Many churches throughout the world use a Bible reading schedule called a "lectionary." It's just a fancy word meaning "selected readings." Posts like this reflect on the readings for an upcoming Sunday or other Church holiday, as found in the three-year lectionary.
Our Gospel reading from Matthew 18:1-20 seems to have two big ideas in it. Yet they are closely related to one another. First, Jesus talks about “little ones” and how he doesn’t want any of them to perish. Jesus cares for children as a shepherd cares for sheep. He wants them to be safe. He protects them from wandering. He chases them when they try to run into danger. This is great news! God cares about little children who can’t care for themselves. He surely cares about you and me as well.
How does this relate to the later portion of the passage? Here, if someone sins against you, you confront the person about the sin. You do it directly, talking with that person, not with someone else. If the other person is not sorry, you go with some others. If that still doesn’t work, you bring it before the church. If all else fails, the person is treated as an unbeliever.
Do we see that many of the ways people sin against us are essentially childish? They are thoughtless, sometimes done in actual ignorance. Why was that person rude to me? Didn’t he know I was having a difficult day? Well, in fact, he probably didn’t until after you popped your cork. Why are all those people driving so slowly? Don’t they care that I need to go somewhere? In fact, they are all going somewhere themselves.
Most of the time, when someone offends us, we simply need to ignore it and get over it. It may have been unintentional, it may have been thoughtless, it may have been on purpose but not worth an encounter. Let the fool be a fool.
What about the offenses that are serious? We aren’t able to overlook them? We think they may be binding the other person in his or her relationship with God? We need to confront sin. As we saw in Ezekiel earlier this week, that sin of our neighbor is going to hurt our neighbor. As Jesus cares for the children who could hurt themselves, we also care for our neighbors who are endangering themselves. So we go to them. What’s our desire? We want them to lay down their sin, to ask Jesus for forgiveness, and, hopefully, to stop sinning in that way. Would we like them to ask our forgiveness also? Yes, no doubt. But our concern is for our neighbor.
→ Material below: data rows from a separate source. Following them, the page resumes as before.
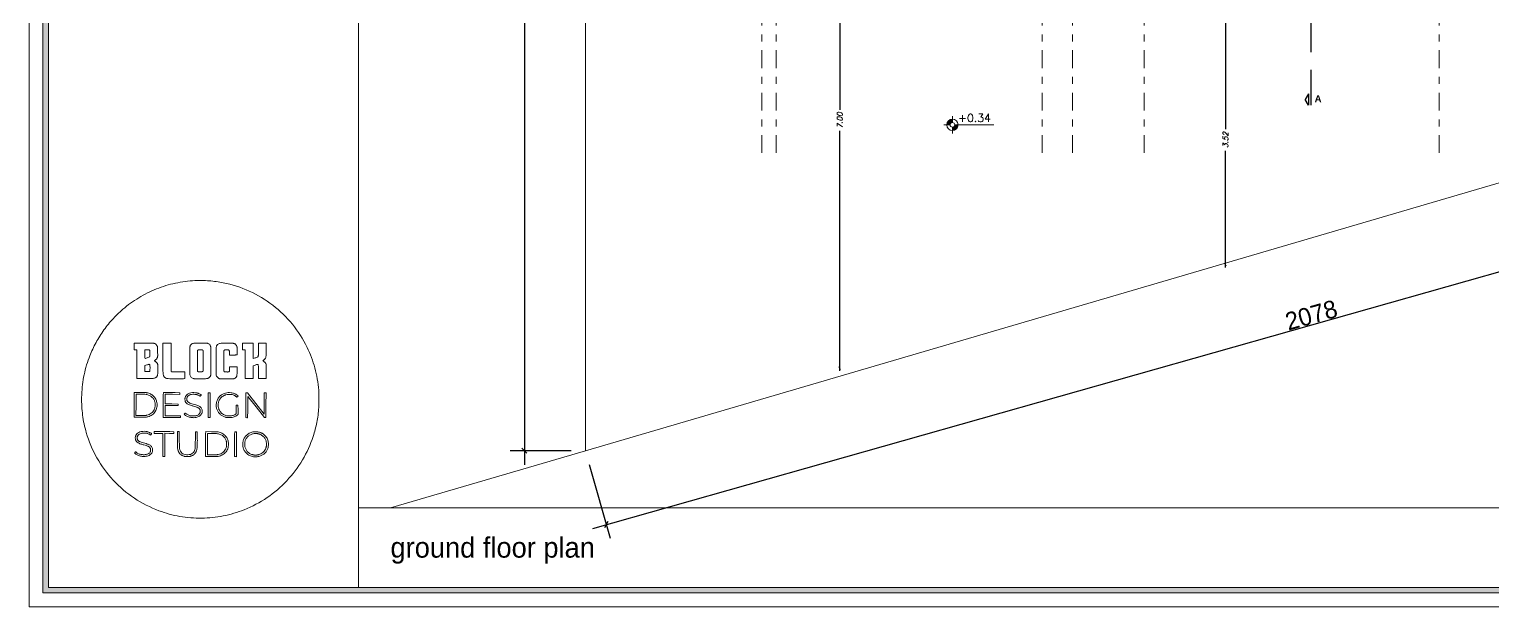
# Model space of a CAD drawing. Header units: metres. Extents: x 294 to 1101, y -498 to -355.
# Drawn here: x 487.37 to 508.05, y -409.02 to -400.86 of the extents above; entities that cross this region are included whole.
import ezdxf

# ---------------------------------------------------------------- set-up
doc = ezdxf.new("R2010")
doc.units = ezdxf.units.M
doc.linetypes.add('DASHDOT2', pattern=[0.5, 0.25, -0.125, 0, -0.125])
doc.linetypes.add('DASHED', pattern=[0.75, 0.5, -0.25])
for name, color, linetype, lineweight in [('19-JARDINERIA', 80, 'Continuous', 0), ('2', 2, 'Continuous', 13), ('axe', 12, 'DASHDOT2', 9), ('D', 2, 'Continuous', 13), ('land', 96, 'Continuous', 15), ('wall', 7, 'Continuous', 25)]:
    doc.layers.add(name, color=color, linetype=linetype, lineweight=lineweight)
doc.layers.add('dim', color=156, linetype='Continuous')
doc.layers.add('text', color=3, linetype='Continuous')
doc.styles.add('alalala', font='bgothm.ttf', dxfattribs={"height": 0.2})
doc.styles.add('ITALICC', font='italicc')
doc.styles.add('ROMAND', font='romand.shx', dxfattribs={"height": 0.2})
doc.dimstyles.new('dim200', dxfattribs={"dimscale": 0.4, "dimtxt": 0.1885, "dimasz": 0.1, "dimexe": 0.15, "dimexo": 0.25, "dimgap": 0.07, "dimtad": 0, "dimzin": 0, "dimdsep": 46, "dimtxsty": 'ITALICC', "dimblk": 'ARCHTICK', "dimcen": 0.09, "dimdle": 0.1, "dimse1": 1, "dimse2": 1, "dimclrd": 211, "dimclrt": 3, "dimadec": 0, "dimazin": 0, "dimtfac": 1, "dimtix": 1, "dimtofl": 0, "dimtmove": 0, "dimatfit": 3, "dimldrblk": 'ARCHTICK', "dimfxl": 1, "dimtolj": 1, "dimtzin": 0, "dimlwd": 25, "dimarcsym": 0})
doc.dimstyles.new('DIMA', dxfattribs={"dimtxt": 0.25, "dimasz": 0.07, "dimexe": 0.2, "dimexo": 0.2, "dimgap": 0.01, "dimtad": 1, "dimdec": 0, "dimlfac": 100, "dimrnd": 1, "dimzin": 0, "dimdsep": 46, "dimtxsty": 'Standard', "dimblk1": 'OBLIQUE', "dimblk2": 'OBLIQUE', "dimsah": 1, "dimcen": 0.09, "dimdle": 0.2, "dimclrd": 1, "dimclre": 1, "dimclrt": 2, "dimadec": 0, "dimazin": 0, "dimtfac": 1, "dimtdec": 0, "dimtofl": 0, "dimtmove": 2, "dimatfit": 3, "dimldrblk": 'OBLIQUE', "dimfxl": 1, "dimtolj": 1, "dimtzin": 0, "dimarcsym": 0})

# ---------------------------------------------------------------- blocks, each defined once
blk = doc.blocks.new('A$C6C9229B2')
at = {"layer": 'dim'}
h = blk.add_hatch(color=256, dxfattribs=at)
h.paths.add_polyline_path([(0.294, 0.376), (0.294, 0.492, 0.414214), (0.098, 0.296), (0.214, 0.296, -0.414214)])
h.paths.add_polyline_path([(0.49, 0.296), (0.373, 0.296, -0.414214), (0.294, 0.217), (0.294, 0.1, 0.414214)])
at = {"layer": '2'}
for p, q in [((0.294, 0.592), (0.294, 0.376)), ((0, 0.296), (0.214, 0.296)), ((0.294, 0.217), (0.294, 0)), ((0.373, 0.296), (1.727, 0.296))]:
    blk.add_line(p, q, dxfattribs=at)
for radius in [0.196, 0.0796]:
    blk.add_circle((0.294, 0.296), radius, dxfattribs=at)
blk = doc.blocks.new('_ArchTick')
at = {"color": 0, "linetype": 'ByBlock', "const_width": 0.15}
blk.add_lwpolyline([(-0.5, -0.5), (0.5, 0.5)], dxfattribs=at)
blk = doc.blocks.new('*D101')
at = {"layer": 'DEFPOINTS', "color": 0, "transparency": 16777216}
for p in [(498.824, -398.653), (498.824, -398.653), (498.824, -405.648)]:
    blk.add_point(p, dxfattribs=at)
at = {"layer": 'wall', "color": 211, "linetype": 'Continuous', "lineweight": 25, "transparency": 16777216}
for p, q in [((498.824, -398.613), (498.824, -402.002)), ((498.824, -405.688), (498.824, -402.298))]:
    blk.add_line(p, q, dxfattribs=at)
at = {"layer": 'wall', "color": 211, "lineweight": 25, "transparency": 16777216, "xscale": 0.04000000000000001, "yscale": 0.04000000000000001, "zscale": 0.04000000000000001}
for p, rotation in [((498.824, -398.653), 90), ((498.824, -405.648), 270)]:
    blk.add_blockref('_ArchTick', p, dxfattribs=dict(at, rotation=rotation))
at = {"layer": 'wall', "color": 3, "transparency": 16777216, "insert": (498.824, -402.15), "char_height": 0.0754, "attachment_point": 5, "rotation": 90, "style": 'ITALICC'}
blk.add_mtext('\\A1;7.00', dxfattribs=at)
blk = doc.blocks.new('*D106')
at = {"layer": 'DEFPOINTS', "color": 0, "transparency": 16777216}
for p in [(504.274, -400.669), (504.274, -400.669), (504.274, -404.187)]:
    blk.add_point(p, dxfattribs=at)
at = {"layer": 'wall', "color": 211, "linetype": 'Continuous', "lineweight": 25, "transparency": 16777216}
for p, q in [((504.274, -400.629), (504.274, -402.276)), ((504.274, -404.227), (504.274, -402.58))]:
    blk.add_line(p, q, dxfattribs=at)
at = {"layer": 'wall', "color": 211, "lineweight": 25, "transparency": 16777216, "xscale": 0.04000000000000001, "yscale": 0.04000000000000001, "zscale": 0.04000000000000001}
for p, rotation in [((504.274, -400.669), 90), ((504.274, -404.187), 270)]:
    blk.add_blockref('_ArchTick', p, dxfattribs=dict(at, rotation=rotation))
at = {"layer": 'wall', "color": 3, "transparency": 16777216, "insert": (504.274, -402.428), "char_height": 0.0754, "attachment_point": 5, "rotation": 90, "style": 'ITALICC'}
blk.add_mtext('\\A1;3.52', dxfattribs=at)
blk = doc.blocks.new('_OBLIQUE')
at = {"color": 0, "linetype": 'ByBlock'}
blk.add_line((-0.5, -0.5), (0.5, 0.5), dxfattribs=at)
blk = doc.blocks.new('*D88')
at = {"layer": 'DEFPOINTS', "color": 0, "transparency": 16777216}
for p in [(495.231, -371.466), (494.37, -406.815), (495.231, -406.815)]:
    blk.add_point(p, dxfattribs=at)
at = {"layer": 'wall', "color": 1, "lineweight": -2, "transparency": 16777216}
for p, q in [((494.37, -371.266), (494.37, -407.015)), ((495.031, -371.466), (494.17, -371.466)), ((495.031, -406.815), (494.17, -406.815))]:
    blk.add_line(p, q, dxfattribs=at)
at = {"layer": 'wall', "color": 1, "lineweight": -2, "transparency": 16777216, "xscale": 0.07, "yscale": 0.07, "zscale": 0.07}
for p, rotation in [((494.37, -371.466), 90), ((494.37, -406.815), 270)]:
    blk.add_blockref('_OBLIQUE', p, dxfattribs=dict(at, rotation=rotation))
at = {"layer": 'wall', "color": 2, "transparency": 16777216, "insert": (494.235, -389.14), "char_height": 0.25, "attachment_point": 5, "rotation": 90}
blk.add_mtext('\\A1;3535', dxfattribs=at)
blk = doc.blocks.new('*D89')
at = {"layer": 'DEFPOINTS', "color": 0, "transparency": 16777216}
for p in [(515.226, -401.157), (515.521, -402.2), (495.231, -406.815)]:
    blk.add_point(p, dxfattribs=at)
at = {"layer": 'wall', "color": 1, "lineweight": -2, "transparency": 16777216}
for p, q in [((515.28, -401.349), (515.576, -402.393)), ((495.334, -407.913), (515.713, -402.146)), ((495.286, -407.007), (495.581, -408.051))]:
    blk.add_line(p, q, dxfattribs=at)
at = {"layer": 'wall', "color": 1, "lineweight": -2, "transparency": 16777216, "xscale": 0.07, "yscale": 0.07, "zscale": 0.07}
for p, rotation in [((515.521, -402.2), 15.80130316812801), ((495.526, -407.859), 195.801303168128)]:
    blk.add_blockref('_OBLIQUE', p, dxfattribs=dict(at, rotation=rotation))
at = {"layer": 'wall', "color": 2, "transparency": 16777216, "insert": (505.487, -404.9), "char_height": 0.25, "attachment_point": 5, "rotation": 15.8013}
blk.add_mtext('\\A1;2078', dxfattribs=at)

msp = doc.modelspace()

# ---------------------------------------------------------------- hatches: boundary and pattern name
at = {"layer": '19-JARDINERIA'}
h = msp.add_hatch(color=251, dxfattribs=at)
h.paths.add_polyline_path([(487.567, -363.812), (487.567, -408.823), (519.385, -408.823), (519.385, -363.812)])
h.paths.add_polyline_path([(487.645, -363.89), (487.645, -408.745), (519.308, -408.745), (519.308, -363.89)], flags=16)

# ---------------------------------------------------------------- linework, layer by layer
at = {"layer": '19-JARDINERIA', "color": 251}
for p, q in [((492.023, -363.89), (492.023, -408.745)), ((492.023, -407.621), (519.385, -407.621))]:
    msp.add_line(p, q, dxfattribs=at)
for points in [[(487.373, -363.618), (487.373, -409.017), (519.579, -409.017), (519.579, -363.618)], [(487.567, -363.812), (487.567, -408.823), (519.385, -408.823), (519.385, -363.812)], [(487.645, -363.89), (487.645, -408.745), (519.308, -408.745), (519.308, -363.89)]]:
    msp.add_lwpolyline(points, close=True, dxfattribs=at)
for points in [[(489.715, -404.413, 0.041698), (489.438, -404.449, 0.041727), (489.171, -404.53, 0.041739), (488.921, -404.654, 0.041776), (488.695, -404.818, 0.031335), (488.544, -404.966, 0.03116), (488.413, -405.131, 0.031255), (488.304, -405.311, 0.03198), (488.219, -405.501, 0.020392), (488.174, -405.639, 0.022073), (488.142, -405.776, 0.022032), (488.122, -405.916, 0.020157), (488.113, -406.061, 0.018155), (488.116, -406.188, 0.019099), (488.127, -406.312, 0.019137), (488.148, -406.435, 0.018391), (488.179, -406.557, 0.058754), (488.33, -406.916, 0.058098), (488.561, -407.231, 0.058063), (488.858, -407.484, 0.058546), (489.205, -407.661, 0.046043), (489.501, -407.742, 0.04583), (489.809, -407.767, 0.045841), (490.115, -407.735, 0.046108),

The process continues, with more people involved. Actually, we hope it doesn’t continue. We hope it will be taken care of immediately and go no farther. But sometimes that doesn’t happen. The eventual outcome is that a person could be treated as an unbeliever. What does this imply? It means that we relieve the person of responsibility to lead others. Instead, we pray for the person, we love the person, we invite the person to hear and believe God’s Word. We consider this a person for whom Jesus died, whose soul is in danger due to sin. We ask the Lord to have mercy.
Jesus loves people in this world. Little people, big people, tenderhearted people, even stubborn people. He calls them all to his side to live in his forgiveness and grace. He calls them all to believe his words of redemption.